(Data items)
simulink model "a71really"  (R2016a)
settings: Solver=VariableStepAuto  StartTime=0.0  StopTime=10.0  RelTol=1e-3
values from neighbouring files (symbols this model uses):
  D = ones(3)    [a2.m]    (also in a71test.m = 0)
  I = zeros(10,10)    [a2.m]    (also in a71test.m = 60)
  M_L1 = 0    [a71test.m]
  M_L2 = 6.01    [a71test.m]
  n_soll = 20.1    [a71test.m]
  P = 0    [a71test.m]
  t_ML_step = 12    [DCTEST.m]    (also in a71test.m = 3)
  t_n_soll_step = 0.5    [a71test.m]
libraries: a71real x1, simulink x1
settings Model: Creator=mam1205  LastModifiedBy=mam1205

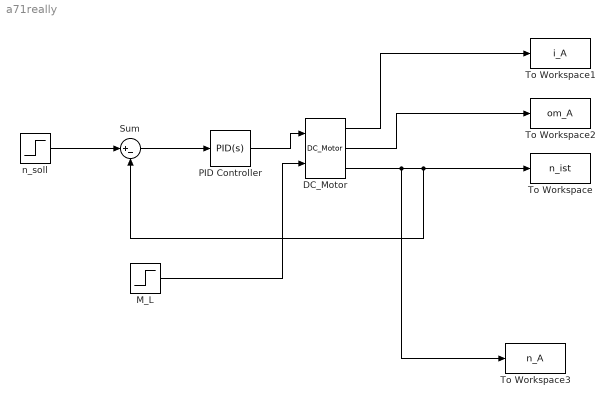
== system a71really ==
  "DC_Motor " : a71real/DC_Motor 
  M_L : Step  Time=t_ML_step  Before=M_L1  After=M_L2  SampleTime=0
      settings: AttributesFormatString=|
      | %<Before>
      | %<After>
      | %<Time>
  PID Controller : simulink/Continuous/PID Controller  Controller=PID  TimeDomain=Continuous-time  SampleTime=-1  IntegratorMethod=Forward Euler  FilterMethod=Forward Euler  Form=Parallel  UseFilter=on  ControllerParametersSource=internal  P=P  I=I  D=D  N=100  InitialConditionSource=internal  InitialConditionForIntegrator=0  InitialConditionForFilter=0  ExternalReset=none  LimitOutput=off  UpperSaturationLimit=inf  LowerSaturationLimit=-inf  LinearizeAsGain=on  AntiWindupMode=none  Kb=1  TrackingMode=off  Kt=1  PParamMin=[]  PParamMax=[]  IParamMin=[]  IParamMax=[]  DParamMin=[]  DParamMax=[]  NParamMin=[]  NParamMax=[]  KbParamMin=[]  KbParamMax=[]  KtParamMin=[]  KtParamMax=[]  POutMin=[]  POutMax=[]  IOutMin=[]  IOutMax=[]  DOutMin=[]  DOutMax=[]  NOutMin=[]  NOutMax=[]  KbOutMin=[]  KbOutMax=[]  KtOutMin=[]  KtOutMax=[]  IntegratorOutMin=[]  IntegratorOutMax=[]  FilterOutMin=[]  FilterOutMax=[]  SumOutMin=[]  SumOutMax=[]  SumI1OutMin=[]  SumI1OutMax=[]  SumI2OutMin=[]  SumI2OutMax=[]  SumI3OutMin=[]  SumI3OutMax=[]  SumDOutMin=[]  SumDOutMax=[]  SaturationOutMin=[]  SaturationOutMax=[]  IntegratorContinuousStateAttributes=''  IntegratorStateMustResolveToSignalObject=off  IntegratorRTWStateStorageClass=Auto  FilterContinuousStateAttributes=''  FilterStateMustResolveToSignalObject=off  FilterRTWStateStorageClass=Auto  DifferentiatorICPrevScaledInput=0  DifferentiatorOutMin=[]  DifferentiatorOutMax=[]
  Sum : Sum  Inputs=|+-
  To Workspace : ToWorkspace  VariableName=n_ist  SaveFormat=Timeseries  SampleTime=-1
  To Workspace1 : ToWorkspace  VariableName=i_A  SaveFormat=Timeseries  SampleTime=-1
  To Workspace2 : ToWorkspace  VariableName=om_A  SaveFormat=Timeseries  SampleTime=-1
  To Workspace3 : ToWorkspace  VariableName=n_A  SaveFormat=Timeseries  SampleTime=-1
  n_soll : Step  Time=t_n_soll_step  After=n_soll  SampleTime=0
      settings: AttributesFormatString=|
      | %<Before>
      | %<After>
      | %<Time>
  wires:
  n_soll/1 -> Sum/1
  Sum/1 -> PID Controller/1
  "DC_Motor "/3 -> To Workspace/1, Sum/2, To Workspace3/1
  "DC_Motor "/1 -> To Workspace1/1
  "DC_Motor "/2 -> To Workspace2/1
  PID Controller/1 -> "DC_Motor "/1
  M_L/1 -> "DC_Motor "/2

### Instructions for the task
Number of lines with the string "SaveFormat" in the data above: report this figure and nothing more.

### Output of the exercise
4